What you have to do: Return, from the lines below, each one that includes the word "region".

[Stored items]
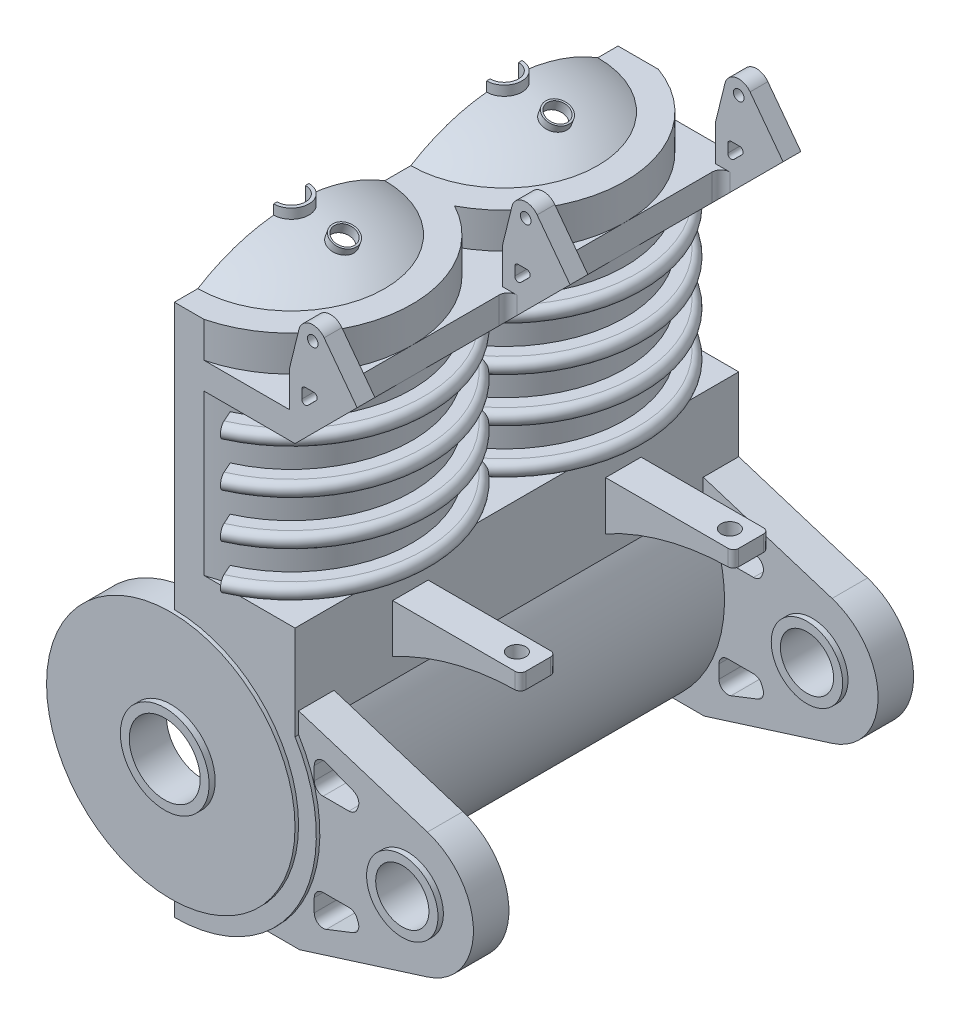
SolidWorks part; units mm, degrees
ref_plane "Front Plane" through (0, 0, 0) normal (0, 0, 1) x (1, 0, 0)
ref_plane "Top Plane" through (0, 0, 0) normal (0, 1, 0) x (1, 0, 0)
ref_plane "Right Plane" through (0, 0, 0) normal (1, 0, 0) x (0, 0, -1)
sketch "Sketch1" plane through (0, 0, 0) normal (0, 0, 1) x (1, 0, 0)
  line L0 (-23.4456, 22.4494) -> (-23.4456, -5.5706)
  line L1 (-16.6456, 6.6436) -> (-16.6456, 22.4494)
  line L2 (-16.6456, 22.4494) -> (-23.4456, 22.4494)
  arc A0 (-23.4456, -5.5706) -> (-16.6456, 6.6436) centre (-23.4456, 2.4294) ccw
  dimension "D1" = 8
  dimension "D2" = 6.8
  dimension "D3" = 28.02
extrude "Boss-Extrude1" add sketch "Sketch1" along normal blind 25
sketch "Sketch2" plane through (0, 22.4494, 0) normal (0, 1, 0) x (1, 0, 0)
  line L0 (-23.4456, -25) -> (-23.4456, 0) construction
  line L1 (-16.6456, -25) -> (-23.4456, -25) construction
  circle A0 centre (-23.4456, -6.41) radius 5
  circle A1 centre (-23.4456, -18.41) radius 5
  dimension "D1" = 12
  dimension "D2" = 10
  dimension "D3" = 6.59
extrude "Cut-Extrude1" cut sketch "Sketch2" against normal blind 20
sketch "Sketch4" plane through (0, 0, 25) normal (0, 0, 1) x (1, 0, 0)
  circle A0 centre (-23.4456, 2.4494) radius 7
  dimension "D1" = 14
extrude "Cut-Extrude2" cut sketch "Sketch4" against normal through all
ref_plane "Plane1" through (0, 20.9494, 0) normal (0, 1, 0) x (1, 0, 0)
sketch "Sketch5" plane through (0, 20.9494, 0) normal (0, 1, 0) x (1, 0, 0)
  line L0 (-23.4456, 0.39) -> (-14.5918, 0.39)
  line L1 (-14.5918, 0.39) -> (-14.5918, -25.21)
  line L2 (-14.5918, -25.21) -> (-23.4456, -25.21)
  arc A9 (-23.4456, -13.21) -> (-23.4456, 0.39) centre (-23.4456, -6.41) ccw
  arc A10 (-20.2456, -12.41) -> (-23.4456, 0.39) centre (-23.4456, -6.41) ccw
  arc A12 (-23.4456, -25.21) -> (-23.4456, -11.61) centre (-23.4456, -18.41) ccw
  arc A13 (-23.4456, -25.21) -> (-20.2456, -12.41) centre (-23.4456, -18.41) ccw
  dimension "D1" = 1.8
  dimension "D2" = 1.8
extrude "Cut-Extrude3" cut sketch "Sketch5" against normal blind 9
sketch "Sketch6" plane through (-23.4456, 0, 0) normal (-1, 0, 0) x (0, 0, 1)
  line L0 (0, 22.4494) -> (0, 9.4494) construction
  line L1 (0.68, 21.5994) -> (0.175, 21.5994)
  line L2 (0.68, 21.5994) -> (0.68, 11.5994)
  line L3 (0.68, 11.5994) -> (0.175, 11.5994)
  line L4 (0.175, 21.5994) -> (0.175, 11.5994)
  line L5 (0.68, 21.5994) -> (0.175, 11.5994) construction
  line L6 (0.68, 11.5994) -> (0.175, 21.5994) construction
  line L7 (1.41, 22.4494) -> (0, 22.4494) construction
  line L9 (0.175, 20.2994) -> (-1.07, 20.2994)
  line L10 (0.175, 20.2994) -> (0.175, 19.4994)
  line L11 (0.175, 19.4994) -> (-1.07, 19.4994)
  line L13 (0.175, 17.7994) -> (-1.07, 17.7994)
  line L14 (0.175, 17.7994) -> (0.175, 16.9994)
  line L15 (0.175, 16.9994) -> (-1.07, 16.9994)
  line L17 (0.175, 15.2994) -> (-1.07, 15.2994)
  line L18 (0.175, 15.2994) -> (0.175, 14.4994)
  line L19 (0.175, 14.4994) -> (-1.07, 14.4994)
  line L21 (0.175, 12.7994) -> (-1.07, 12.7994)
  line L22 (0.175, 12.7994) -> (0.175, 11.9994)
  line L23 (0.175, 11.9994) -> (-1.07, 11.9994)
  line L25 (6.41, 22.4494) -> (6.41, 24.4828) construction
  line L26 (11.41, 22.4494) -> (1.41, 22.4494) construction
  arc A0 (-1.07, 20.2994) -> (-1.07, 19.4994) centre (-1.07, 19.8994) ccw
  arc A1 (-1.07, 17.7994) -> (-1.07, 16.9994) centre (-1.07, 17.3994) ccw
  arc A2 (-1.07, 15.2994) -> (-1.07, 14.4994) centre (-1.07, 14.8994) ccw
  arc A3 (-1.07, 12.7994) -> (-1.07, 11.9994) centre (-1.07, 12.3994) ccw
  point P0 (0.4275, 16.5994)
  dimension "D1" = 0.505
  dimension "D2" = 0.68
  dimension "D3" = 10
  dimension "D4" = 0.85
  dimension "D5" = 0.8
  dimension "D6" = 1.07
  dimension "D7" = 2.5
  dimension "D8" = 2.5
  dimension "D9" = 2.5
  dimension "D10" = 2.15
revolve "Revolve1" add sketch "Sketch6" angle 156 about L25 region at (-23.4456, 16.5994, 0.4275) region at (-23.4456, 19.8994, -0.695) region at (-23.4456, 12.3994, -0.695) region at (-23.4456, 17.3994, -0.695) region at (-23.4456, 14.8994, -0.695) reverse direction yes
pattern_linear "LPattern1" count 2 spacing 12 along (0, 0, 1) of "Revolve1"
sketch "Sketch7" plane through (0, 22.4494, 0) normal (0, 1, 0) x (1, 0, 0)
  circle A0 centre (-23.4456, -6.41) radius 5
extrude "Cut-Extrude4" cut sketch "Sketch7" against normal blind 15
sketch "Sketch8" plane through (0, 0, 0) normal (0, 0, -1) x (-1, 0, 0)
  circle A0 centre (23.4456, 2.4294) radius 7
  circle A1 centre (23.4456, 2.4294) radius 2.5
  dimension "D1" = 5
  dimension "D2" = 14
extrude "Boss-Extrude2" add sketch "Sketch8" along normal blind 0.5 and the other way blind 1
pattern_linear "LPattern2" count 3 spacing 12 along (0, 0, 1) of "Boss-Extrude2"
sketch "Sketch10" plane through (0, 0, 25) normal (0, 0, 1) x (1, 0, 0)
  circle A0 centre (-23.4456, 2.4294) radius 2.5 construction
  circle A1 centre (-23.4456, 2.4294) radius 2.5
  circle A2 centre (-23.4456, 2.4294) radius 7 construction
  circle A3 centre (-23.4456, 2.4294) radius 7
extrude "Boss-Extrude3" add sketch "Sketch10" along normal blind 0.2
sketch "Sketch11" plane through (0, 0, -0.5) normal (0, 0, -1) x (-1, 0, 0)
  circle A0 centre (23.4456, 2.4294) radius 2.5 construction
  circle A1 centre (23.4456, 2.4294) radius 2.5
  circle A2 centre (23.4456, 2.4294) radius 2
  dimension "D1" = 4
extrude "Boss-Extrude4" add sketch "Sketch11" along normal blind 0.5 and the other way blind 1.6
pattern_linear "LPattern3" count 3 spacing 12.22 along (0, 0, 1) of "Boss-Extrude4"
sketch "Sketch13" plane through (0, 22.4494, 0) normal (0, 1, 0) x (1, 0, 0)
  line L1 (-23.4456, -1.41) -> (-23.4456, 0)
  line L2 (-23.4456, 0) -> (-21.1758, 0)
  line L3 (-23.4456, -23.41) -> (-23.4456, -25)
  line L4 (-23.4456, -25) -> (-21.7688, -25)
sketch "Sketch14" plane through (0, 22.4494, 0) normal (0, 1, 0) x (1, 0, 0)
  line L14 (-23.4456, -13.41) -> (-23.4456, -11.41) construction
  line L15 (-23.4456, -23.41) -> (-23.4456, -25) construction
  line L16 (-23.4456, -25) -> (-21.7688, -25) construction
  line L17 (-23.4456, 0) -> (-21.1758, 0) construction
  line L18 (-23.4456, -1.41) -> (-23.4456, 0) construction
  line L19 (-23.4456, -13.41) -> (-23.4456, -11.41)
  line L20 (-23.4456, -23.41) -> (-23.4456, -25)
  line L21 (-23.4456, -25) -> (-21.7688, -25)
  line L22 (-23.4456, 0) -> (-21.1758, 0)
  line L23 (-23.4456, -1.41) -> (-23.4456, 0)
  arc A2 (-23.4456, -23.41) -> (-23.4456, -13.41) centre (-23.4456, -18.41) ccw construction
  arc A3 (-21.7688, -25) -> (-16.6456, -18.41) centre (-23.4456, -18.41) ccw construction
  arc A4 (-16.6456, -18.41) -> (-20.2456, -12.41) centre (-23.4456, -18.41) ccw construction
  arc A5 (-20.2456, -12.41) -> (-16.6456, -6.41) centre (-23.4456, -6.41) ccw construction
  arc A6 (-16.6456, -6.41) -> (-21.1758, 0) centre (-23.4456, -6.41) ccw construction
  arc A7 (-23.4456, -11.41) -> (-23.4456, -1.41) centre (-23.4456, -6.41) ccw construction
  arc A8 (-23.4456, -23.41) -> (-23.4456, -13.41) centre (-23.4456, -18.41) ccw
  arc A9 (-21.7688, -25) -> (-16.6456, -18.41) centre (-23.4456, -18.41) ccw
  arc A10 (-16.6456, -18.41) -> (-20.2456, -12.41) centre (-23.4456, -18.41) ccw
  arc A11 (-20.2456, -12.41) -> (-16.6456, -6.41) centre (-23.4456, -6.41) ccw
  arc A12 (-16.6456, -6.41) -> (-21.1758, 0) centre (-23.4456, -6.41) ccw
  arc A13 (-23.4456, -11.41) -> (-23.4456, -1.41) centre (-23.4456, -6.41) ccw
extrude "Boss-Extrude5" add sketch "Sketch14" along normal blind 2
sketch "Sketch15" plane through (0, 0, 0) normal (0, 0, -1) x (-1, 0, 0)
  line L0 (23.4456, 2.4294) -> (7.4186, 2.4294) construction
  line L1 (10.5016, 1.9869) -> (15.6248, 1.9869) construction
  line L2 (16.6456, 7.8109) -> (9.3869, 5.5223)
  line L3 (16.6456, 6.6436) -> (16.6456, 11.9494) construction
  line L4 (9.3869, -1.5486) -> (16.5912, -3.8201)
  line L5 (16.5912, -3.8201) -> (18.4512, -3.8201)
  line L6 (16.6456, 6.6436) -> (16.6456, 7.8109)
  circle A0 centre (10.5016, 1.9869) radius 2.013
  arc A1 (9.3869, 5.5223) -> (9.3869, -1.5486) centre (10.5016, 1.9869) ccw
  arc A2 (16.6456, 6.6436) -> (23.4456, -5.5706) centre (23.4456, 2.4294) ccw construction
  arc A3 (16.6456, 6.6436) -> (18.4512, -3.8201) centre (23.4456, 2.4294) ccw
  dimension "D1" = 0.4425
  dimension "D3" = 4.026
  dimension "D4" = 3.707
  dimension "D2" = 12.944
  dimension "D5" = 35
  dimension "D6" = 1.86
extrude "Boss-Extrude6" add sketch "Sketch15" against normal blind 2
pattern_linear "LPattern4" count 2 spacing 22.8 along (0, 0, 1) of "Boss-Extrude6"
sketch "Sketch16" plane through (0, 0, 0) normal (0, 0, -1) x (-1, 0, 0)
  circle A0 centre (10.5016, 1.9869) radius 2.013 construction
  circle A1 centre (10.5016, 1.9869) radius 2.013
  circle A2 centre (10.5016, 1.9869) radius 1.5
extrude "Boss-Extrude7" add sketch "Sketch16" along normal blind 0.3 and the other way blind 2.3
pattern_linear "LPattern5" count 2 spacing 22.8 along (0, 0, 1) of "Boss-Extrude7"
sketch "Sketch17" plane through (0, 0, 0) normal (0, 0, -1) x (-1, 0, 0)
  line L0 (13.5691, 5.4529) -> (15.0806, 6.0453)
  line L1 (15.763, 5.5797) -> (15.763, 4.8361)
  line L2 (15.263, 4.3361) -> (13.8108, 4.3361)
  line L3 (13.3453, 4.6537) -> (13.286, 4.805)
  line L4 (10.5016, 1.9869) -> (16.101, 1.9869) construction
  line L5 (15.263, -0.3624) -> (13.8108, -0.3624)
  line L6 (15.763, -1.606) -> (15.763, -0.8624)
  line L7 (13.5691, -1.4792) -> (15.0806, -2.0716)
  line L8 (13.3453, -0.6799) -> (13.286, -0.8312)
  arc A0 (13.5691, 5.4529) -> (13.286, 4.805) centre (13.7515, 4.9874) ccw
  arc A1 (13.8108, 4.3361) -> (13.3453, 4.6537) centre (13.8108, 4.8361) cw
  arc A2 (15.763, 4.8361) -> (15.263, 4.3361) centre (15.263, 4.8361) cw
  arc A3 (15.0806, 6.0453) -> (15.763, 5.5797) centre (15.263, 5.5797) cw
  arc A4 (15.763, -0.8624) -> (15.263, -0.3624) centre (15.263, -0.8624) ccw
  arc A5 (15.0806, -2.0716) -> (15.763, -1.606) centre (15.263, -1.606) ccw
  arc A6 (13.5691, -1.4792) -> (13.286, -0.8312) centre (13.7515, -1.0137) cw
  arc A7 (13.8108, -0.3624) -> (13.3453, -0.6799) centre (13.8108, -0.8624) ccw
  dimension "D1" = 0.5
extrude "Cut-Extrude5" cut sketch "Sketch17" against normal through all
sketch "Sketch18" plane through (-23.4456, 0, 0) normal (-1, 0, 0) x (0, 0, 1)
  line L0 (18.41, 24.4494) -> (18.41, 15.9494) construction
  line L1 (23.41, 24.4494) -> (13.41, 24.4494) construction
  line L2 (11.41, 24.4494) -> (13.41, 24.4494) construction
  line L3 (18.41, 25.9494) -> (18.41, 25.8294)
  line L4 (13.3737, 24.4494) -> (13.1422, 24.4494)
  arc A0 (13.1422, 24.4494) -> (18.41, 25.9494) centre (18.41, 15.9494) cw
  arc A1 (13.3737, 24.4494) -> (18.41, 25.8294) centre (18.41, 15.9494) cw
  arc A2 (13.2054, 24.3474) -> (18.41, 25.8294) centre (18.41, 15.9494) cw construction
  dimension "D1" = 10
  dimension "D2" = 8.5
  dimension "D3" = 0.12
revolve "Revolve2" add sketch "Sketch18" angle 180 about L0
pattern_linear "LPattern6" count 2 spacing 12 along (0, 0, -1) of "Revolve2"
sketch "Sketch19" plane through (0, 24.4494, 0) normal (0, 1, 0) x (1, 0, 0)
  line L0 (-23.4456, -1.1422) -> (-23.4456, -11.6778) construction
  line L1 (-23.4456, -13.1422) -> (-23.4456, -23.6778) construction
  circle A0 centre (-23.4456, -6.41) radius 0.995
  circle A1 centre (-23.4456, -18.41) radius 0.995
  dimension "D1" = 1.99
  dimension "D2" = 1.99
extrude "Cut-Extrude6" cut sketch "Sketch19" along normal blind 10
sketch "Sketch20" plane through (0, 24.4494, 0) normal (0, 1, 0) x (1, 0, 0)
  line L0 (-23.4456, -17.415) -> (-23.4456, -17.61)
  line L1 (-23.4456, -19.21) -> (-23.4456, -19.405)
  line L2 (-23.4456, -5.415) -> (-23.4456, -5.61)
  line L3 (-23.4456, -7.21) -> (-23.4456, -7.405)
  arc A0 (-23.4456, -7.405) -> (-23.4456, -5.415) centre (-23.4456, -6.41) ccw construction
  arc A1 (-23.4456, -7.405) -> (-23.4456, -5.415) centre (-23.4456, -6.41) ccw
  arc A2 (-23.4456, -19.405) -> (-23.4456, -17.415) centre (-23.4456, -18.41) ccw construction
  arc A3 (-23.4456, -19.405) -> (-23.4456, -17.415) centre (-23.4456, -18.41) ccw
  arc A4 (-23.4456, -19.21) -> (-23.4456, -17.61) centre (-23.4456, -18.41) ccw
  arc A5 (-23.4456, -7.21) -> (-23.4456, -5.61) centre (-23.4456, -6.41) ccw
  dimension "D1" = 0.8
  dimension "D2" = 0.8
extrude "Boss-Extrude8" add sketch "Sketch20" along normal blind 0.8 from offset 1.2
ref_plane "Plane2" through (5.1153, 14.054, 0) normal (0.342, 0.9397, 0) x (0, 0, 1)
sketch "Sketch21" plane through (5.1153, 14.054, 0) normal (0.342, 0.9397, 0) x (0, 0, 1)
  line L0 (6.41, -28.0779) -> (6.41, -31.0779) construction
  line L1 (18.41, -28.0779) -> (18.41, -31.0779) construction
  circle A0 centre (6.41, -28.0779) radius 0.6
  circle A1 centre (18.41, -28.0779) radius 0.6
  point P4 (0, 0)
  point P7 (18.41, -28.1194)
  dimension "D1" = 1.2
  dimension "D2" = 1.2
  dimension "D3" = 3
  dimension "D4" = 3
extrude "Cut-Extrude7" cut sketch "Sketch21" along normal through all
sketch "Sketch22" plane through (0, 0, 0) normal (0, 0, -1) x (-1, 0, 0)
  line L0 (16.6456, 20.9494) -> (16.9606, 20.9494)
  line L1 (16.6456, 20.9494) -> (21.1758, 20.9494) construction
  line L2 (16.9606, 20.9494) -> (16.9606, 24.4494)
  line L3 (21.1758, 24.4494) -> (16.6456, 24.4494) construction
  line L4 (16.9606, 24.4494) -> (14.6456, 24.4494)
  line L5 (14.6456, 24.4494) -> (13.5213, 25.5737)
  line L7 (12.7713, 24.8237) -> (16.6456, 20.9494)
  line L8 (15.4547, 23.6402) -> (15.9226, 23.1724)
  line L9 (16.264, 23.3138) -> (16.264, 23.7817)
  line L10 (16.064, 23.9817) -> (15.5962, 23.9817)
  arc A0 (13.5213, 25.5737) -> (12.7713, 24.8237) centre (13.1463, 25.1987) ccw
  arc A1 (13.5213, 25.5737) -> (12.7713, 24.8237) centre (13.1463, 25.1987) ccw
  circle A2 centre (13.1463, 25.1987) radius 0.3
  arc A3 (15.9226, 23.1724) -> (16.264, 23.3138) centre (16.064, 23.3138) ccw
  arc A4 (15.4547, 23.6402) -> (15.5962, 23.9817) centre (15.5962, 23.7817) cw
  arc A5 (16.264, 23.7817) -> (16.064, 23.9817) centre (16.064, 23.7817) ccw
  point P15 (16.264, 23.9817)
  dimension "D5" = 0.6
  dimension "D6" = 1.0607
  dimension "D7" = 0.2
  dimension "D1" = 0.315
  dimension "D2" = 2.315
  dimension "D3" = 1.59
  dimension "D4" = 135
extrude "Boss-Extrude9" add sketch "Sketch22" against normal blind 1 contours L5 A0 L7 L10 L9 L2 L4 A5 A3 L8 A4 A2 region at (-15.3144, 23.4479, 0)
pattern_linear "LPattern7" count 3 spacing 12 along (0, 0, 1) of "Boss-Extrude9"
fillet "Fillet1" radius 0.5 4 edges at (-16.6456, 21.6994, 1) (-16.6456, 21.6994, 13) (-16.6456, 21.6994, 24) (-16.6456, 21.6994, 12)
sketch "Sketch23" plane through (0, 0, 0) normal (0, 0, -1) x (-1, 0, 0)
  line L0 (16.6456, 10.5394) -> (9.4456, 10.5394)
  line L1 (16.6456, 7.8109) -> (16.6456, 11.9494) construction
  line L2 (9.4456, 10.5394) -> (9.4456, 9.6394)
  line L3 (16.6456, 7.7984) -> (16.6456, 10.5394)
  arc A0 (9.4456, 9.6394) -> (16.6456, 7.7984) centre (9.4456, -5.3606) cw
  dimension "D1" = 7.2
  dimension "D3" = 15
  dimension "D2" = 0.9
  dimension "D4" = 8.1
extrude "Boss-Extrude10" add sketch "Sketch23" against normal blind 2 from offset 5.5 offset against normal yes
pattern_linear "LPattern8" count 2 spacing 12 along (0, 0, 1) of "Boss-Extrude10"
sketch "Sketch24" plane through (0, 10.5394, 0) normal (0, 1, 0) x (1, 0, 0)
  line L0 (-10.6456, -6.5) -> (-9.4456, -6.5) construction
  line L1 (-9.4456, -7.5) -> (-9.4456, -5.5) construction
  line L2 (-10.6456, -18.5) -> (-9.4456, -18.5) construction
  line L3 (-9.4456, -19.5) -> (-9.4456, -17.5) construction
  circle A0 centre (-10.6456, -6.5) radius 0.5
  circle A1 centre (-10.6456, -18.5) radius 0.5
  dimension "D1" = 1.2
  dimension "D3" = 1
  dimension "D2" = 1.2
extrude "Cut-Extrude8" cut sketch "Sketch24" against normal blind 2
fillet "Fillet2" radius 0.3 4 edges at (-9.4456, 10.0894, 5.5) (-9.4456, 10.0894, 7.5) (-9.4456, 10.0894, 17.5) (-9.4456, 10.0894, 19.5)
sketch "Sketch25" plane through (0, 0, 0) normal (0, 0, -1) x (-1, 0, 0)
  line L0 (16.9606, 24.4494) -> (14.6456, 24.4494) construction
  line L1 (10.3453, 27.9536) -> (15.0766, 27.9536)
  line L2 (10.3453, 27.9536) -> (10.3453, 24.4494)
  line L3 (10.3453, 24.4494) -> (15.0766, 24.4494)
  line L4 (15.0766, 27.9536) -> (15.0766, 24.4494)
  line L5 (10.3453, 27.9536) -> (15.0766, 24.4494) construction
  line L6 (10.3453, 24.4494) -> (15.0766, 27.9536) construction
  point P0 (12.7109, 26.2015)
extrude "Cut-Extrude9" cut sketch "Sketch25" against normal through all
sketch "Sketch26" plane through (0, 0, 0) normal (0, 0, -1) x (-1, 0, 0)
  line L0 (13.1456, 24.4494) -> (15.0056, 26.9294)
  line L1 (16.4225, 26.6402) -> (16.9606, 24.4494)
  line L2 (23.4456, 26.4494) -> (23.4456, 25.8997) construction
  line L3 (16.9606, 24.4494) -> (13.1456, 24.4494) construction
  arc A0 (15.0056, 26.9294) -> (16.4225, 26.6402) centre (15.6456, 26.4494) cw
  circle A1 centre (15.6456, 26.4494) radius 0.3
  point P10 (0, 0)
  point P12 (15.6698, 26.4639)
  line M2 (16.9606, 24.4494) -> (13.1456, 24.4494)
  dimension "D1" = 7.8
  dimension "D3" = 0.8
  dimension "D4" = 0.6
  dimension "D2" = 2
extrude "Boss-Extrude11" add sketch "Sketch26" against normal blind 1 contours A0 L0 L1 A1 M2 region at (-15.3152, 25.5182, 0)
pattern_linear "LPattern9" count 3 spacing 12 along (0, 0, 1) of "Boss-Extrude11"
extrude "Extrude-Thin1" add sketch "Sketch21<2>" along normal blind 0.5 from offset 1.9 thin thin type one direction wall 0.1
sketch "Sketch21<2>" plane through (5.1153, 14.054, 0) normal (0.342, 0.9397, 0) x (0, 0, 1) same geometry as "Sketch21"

Expected answer:
revolve "Revolve1" add sketch "Sketch6" angle 156 about L25 region at (-23.4456, 16.5994, 0.4275) region at (-23.4456, 19.8994, -0.695) region at (-23.4456, 12.3994, -0.695) region at (-23.4456, 17.3994, -0.695) region at (-23.4456, 14.8994, -0.695) reverse direction yes
extrude "Boss-Extrude9" add sketch "Sketch22" against normal blind 1 contours L5 A0 L7 L10 L9 L2 L4 A5 A3 L8 A4 A2 region at (-15.3144, 23.4479, 0)
extrude "Boss-Extrude11" add sketch "Sketch26" against normal blind 1 contours A0 L0 L1 A1 M2 region at (-15.3152, 25.5182, 0)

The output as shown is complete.